Это, пожалуй, самое откровенное описание женского наслаждения (того самого jouissance feminine) в русской литературе начала 1990-х, откровенное не в физиологичности, а в интерпретации субъективного опыта телесности, долженствующей преодолеть разделение мира на субъекты и объекты и утвердить "автономное право" инаковости. Отношение женщины к собственной сексуальности, которое традиционно либо редуцируется и ассимилируется маскулинной сексуальностью, либо заключается в ее рамки, в прозе Нарбиковой формирует некий символический уровень реальности: женщина не только зависит от Другого, но и занимает его место (выступая объектом фантазии, которая, как известно, реализуется через константу женского). Здесь переворачивается на 180 градусов устойчивая пара сексуальных стереотипов: экстенсивность-интенсивность сексуальных практик и переживаний относительно мужчины и женщины соответственно. Промискуитет, как и право на сексуальное удовлетворение, "закрепляется" Нарбиковой за женским персонажем. Мотив сексуальной эмансипации, который в "Прекрасной мельничихе" Сазанович работал на фрагментацию, выступает в прозе Нарбиковой началом объединяющим.

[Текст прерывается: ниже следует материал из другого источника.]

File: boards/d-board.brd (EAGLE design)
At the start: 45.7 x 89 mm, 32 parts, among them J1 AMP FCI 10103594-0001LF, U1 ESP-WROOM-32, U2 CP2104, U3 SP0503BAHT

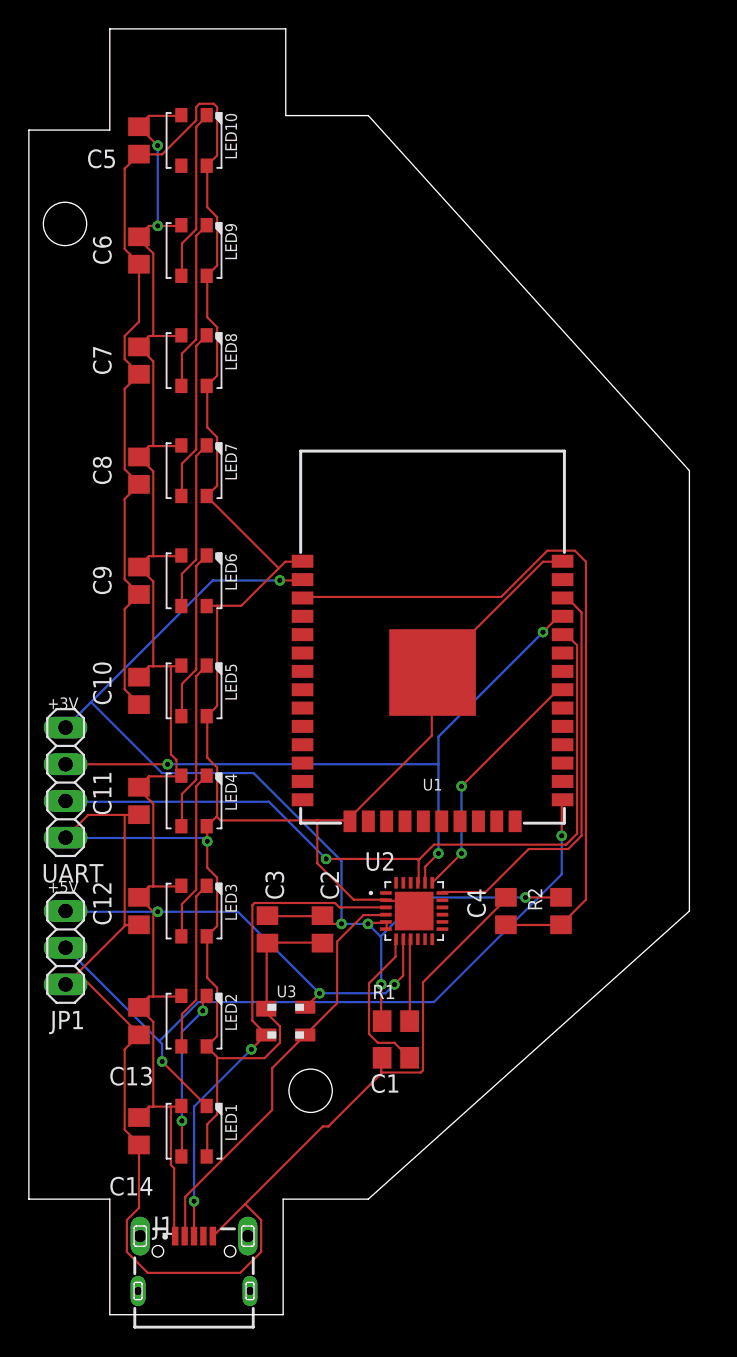
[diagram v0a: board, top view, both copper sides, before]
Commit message: Update board to rev.2
Fixes CP2104 REGIN not connected to +5V.

Replaces the mis-pinned 3535 neopixel with the 5050 part that is correct instead.
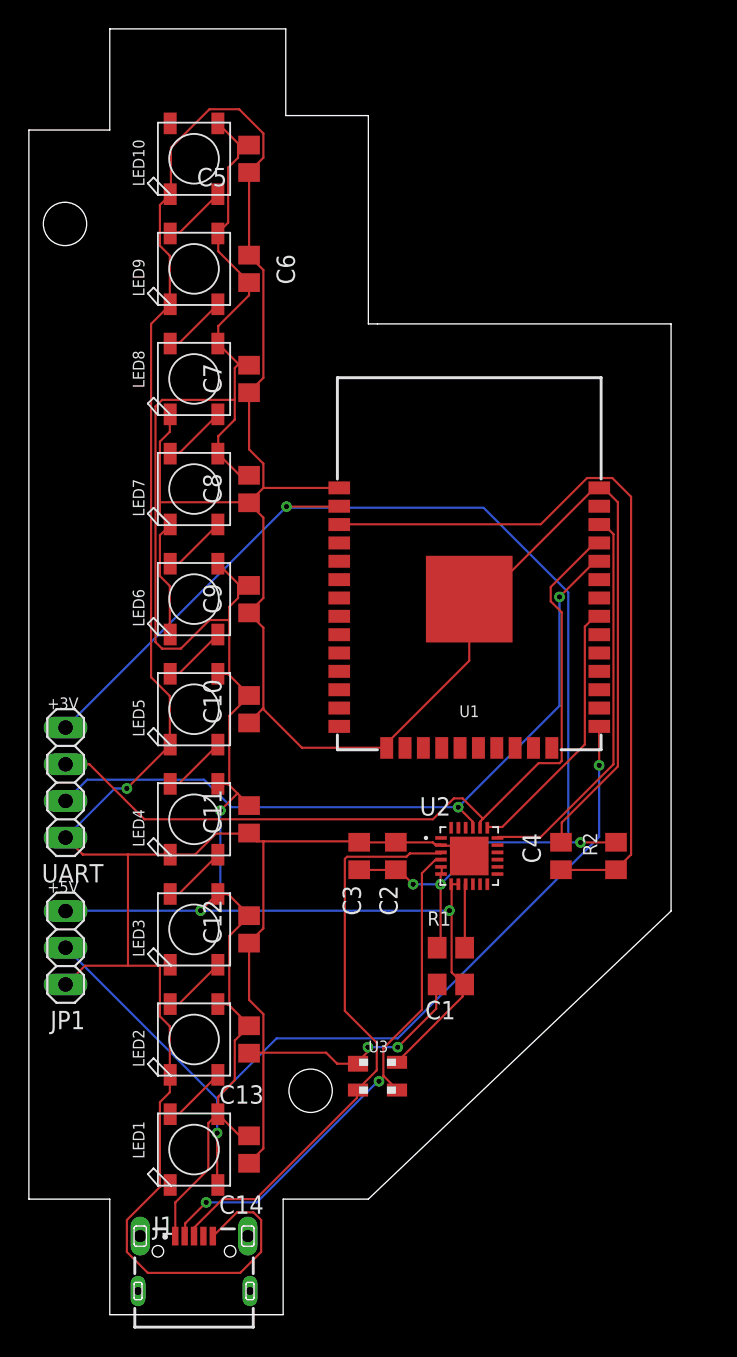
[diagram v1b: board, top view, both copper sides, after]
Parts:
- LED1, LED10, LED2, LED3, LED4, LED5, LED6, LED7, LED8, LED9: value WS2812B3535 -> WS2812B5050; device adafruit:LED3535 -> adafruit:WS2812B
- moved C3 8.13 mm to (22.9, 31.8), turned to 90 degrees
- moved C10 7.73 mm to (15.2, 41.9)
- moved C11 7.73 mm to (15.2, 34.3)
- moved C7 7.73 mm to (15.2, 64.8)
- moved C8 7.73 mm to (15.2, 57.1)
- moved C12 7.73 mm to (15.2, 26.7)
- moved C13 7.73 mm to (15.2, 19.1)
- moved C14 7.73 mm to (15.2, 11.4)
- moved C5 7.73 mm to (15.2, 80.0)
- moved C6 7.73 mm to (15.2, 72.4), turned to 90 degrees
- moved C9 7.73 mm to (15.2, 49.5)
- moved U3 7.41 mm to (24.1, 16.5)
- moved C2 7.18 mm to (25.4, 31.8), turned to 90 degrees
- moved C1 6.35 mm to (29.2, 22.9)
- moved R1 6.35 mm to (29.2, 25.4)
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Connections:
- removed net N$15: C1.2, U2.7
- net +5V: now also C1.2, LED1.1-VDD, LED10.1-VDD, LED2.1-VDD, LED3.1-VDD, LED4.1-VDD, LED5.1-VDD, LED6.1-VDD, LED7.1-VDD, LED8.1-VDD, LED9.1-VDD, U2.7; no longer LED1.2, LED10.2, LED2.2, LED3.2, LED4.2, LED5.2, LED6.2, LED7.2, LED8.2, LED9.2
- net GND: now also LED1.3-GND, LED10.3-GND, LED2.3-GND, LED3.3-GND, LED4.3-GND, LED5.3-GND, LED6.3-GND, LED7.3-GND, LED8.3-GND, LED9.3-GND; no longer LED1.4, LED10.4, LED2.4, LED3.4, LED4.4, LED5.4, LED6.4, LED7.4, LED8.4, LED9.4
- net N$1: now also LED1.4-DIN; no longer LED1.1
- net N$12: now also LED4.2-DOUT, LED5.4-DIN; no longer LED4.3, LED5.1
- net N$16: now also LED5.2-DOUT, LED6.4-DIN; no longer LED5.3, LED6.1
- net N$17: now also LED6.2-DOUT, LED7.4-DIN; no longer LED6.3, LED7.1
- net N$18: now also LED7.2-DOUT, LED8.4-DIN; no longer LED7.3, LED8.1
- net N$19: now also LED8.2-DOUT, LED9.4-DIN; no longer LED8.3, LED9.1
- net N$20: now also LED10.4-DIN, LED9.2-DOUT; no longer LED10.1, LED9.3
- net N$21: now also LED1.2-DOUT, LED2.4-DIN; no longer LED1.3, LED2.1
- net N$4: now also LED2.2-DOUT, LED3.4-DIN; no longer LED2.3, LED3.1
- net N$8: now also LED3.2-DOUT, LED4.4-DIN; no longer LED3.3, LED4.1
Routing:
- net +5V: track 139.1 -> 165.3 mm, vias 5 -> 3
- net GND: track 297.3 -> 319.7 mm, vias 1 -> 3
- net VDD: track 76.7 -> 89.7 mm, vias 5 -> 4
- net N$15: track 10.8 -> 0.00 mm
- net N$1: track 52.8 -> 62.4 mm
- net N$7: track 28.9 -> 37.1 mm, vias 0 -> 2
- net N$2: track 48.3 -> 56.4 mm, vias 3 -> 0
- net N$20: track 11.9 -> 4.44 mm
- net N$18: track 11.8 -> 4.44 mm
- net N$4: track 11.8 -> 4.44 mm
- net N$21: track 11.8 -> 4.44 mm, vias 2 -> 0
- net N$8: track 11.8 -> 4.44 mm
- net N$12: track 11.8 -> 4.44 mm
- net N$17: track 11.8 -> 4.44 mm
- net N$19: track 11.8 -> 4.44 mm
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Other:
- board size 45.7 x 89 mm -> 44.5 x 89 mm
- board text added: "Neopixel Acrylic Lamp rev. 2 Copyright © 2020 Diego Elio Pettenò flameeyes.com/p/espacrylic Licensed under MIT"
- board text removed: "Neopixel Acrylic Lamp rev. 1 Copyright © 2020 Diego Elio Pettenò flameeyes.com/p/espacrylic Licensed under MIT"

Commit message: Replace the microUSB connector.
Instead of the Wurth part that seems to be harder to find, use a SnapEDA for an Amphenol 10103594-0001LF connector that appears easier to source.
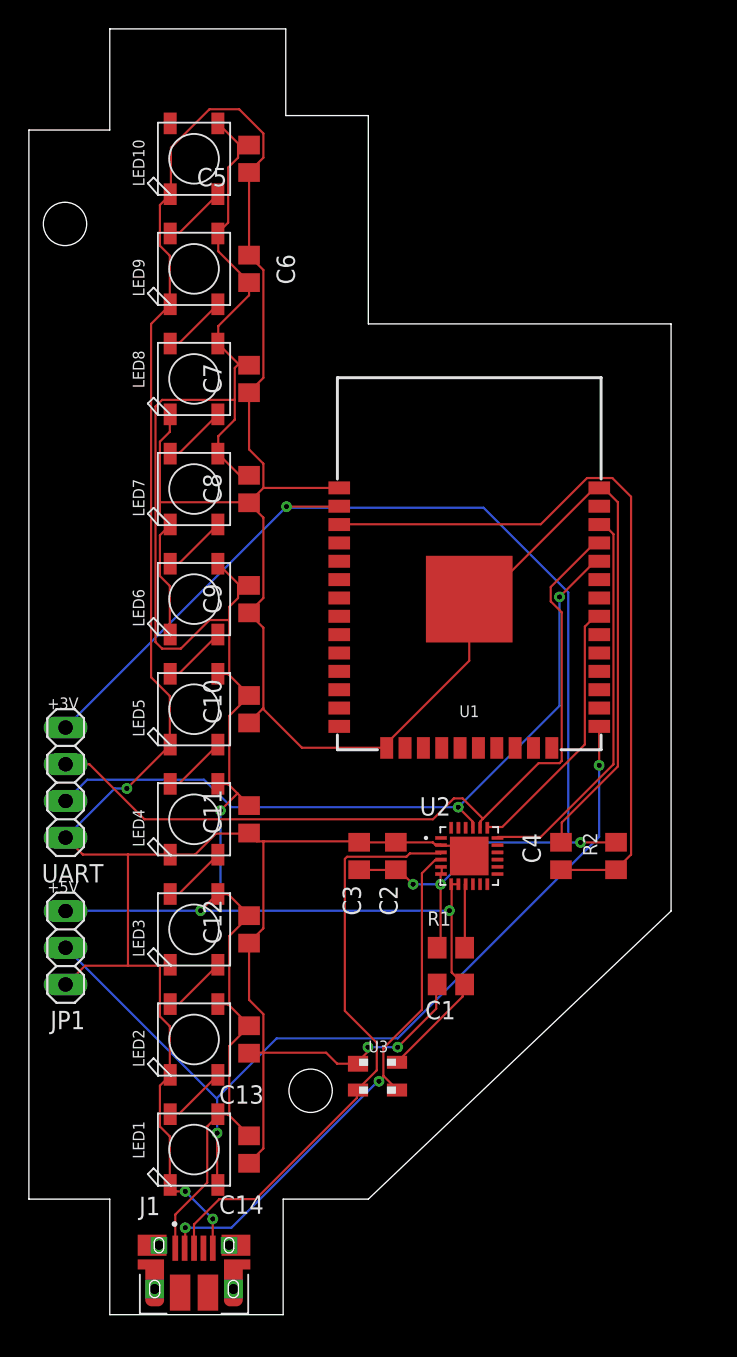
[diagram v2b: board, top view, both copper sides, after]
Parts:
- J1: value AMP FCI 10103594-0001LF -> 10103594-0001LF; device Wurth_Connectors_WR-USB:629105150521 -> 10103594-0001LF:FCI_10103594-0001LF
- moved J1 0.76 mm to (11.4, 1.78)
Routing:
- net GND: track 319.7 -> 302.7 mm, vias 3 -> 5
- net N$6: track 40.5 -> 41.5 mm
- net N$7: track 37.1 -> 37.7 mm
- net +5V: track 165.3 -> 165.9 mm
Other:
- outline, holes or cut-outs redrawn

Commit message: Make it possible to program the ESP32 via serial.
This includes RESET and BOOT pushbuttons to control a solder ESP32, and re-wires the RTS/DTR to control the boot mode of the board for compatibility with the esptool command line.
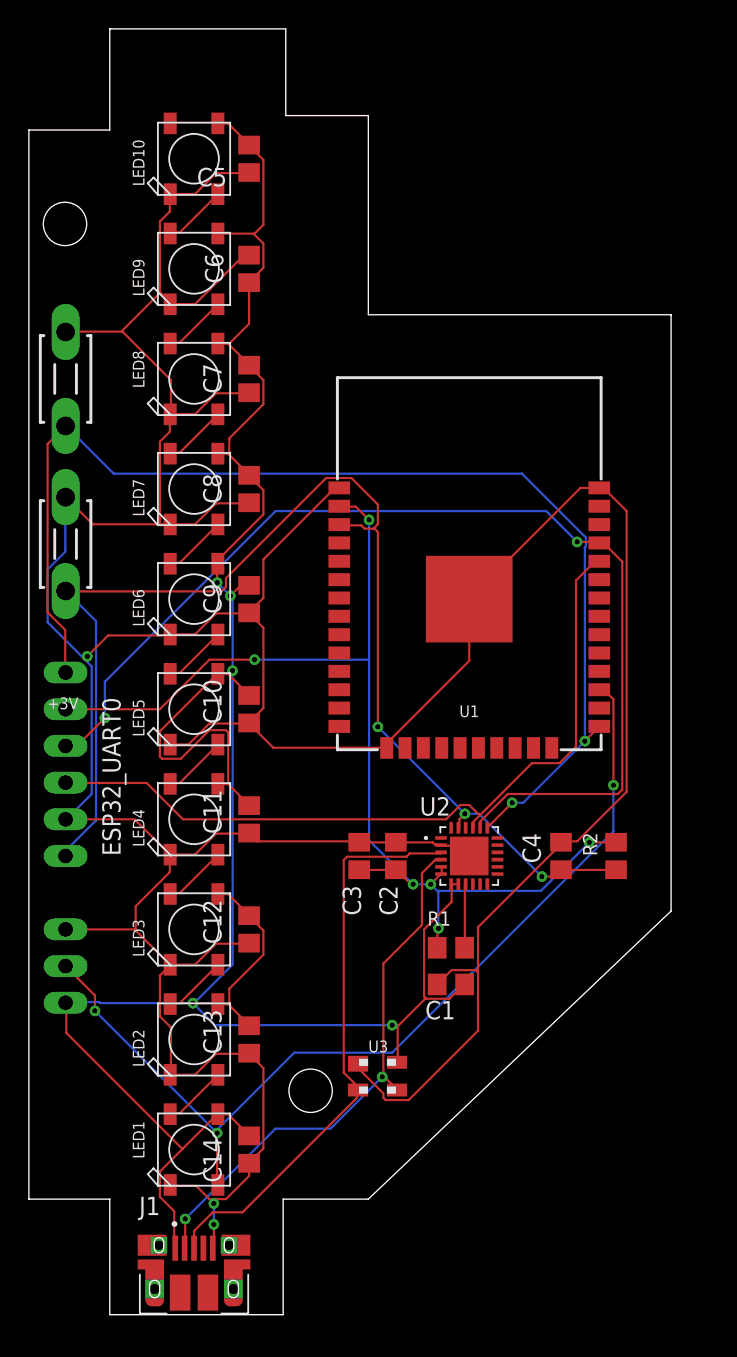
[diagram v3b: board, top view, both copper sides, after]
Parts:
- added BOOT, RESET: DTS-3, switch-tact:DTS-3
- JP1: value (none) -> PINHD-1X3/90; device pinhead:1X03 -> Connector:1X03/90
- UART: value PINHD-1X4 -> PINHD-1X6/90; device Connector:1X04 -> Connector:1X06/90
- moved UART 4.02 mm to (-1.27, 38.1), flipped to the bottom
- moved JP1 4.02 mm to (-1.27, 24.1), flipped to the bottom, turned to 270 degrees
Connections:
- removed net N$13: U1.31, U2.19
- removed net N$14: U1.36, U2.18
- removed net N$2: U1.35, U2.20, UART.2
- removed net N$3: U1.34, U2.21, UART.3
- removed net N$9: C4.1, R2.1, U1.3
- new net ESP32_CTS: BOOT.2, U1.25, U2.19, UART.1
- new net ESP32_RTS: C4.1, R2.1, RESET.2, U1.3, U2.23, UART.6
- new net FROM_ESP: U1.35, U2.20, UART.3
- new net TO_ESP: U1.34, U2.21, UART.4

Женская сексуальность в позднесоветской женской прозе предстает как проблема "неподцензурного" раскрепощения, как способ достижения субъективности и невозможность субъективации женского как феноменологического Другого. Таким образом, мы наблюдаем принципиальный "сдвиг": разделение сексуальности и репродукции, проблематизация связанной с эротизмом "нравственной" тематики. Вернемся на несколько шагов назад. Лирическая героиня Нины Искренко в опубликованной "Работницей" подборке стихотворений — воплощенная "первичная" чувственность, определяющая себя вне категорий нормы:
Мужчина врет, как прокуратор,
Хрипит и греется, как ротор,
И снова набирает номер,
И плавит трубку в кулаке.
Гудки, гудки…
Она не слышит
Она рисует на обложке
Она молчит
Она не хочет
Она
Она сейчас придет34.
"Иная" сексуальность женщины (объектная) обозначается поэтессой как знак Иного. Эротичность осознается здесь не просто как преодоление запрета — легализация сексуальности как наслаждения происходит вообще вне логики запрета.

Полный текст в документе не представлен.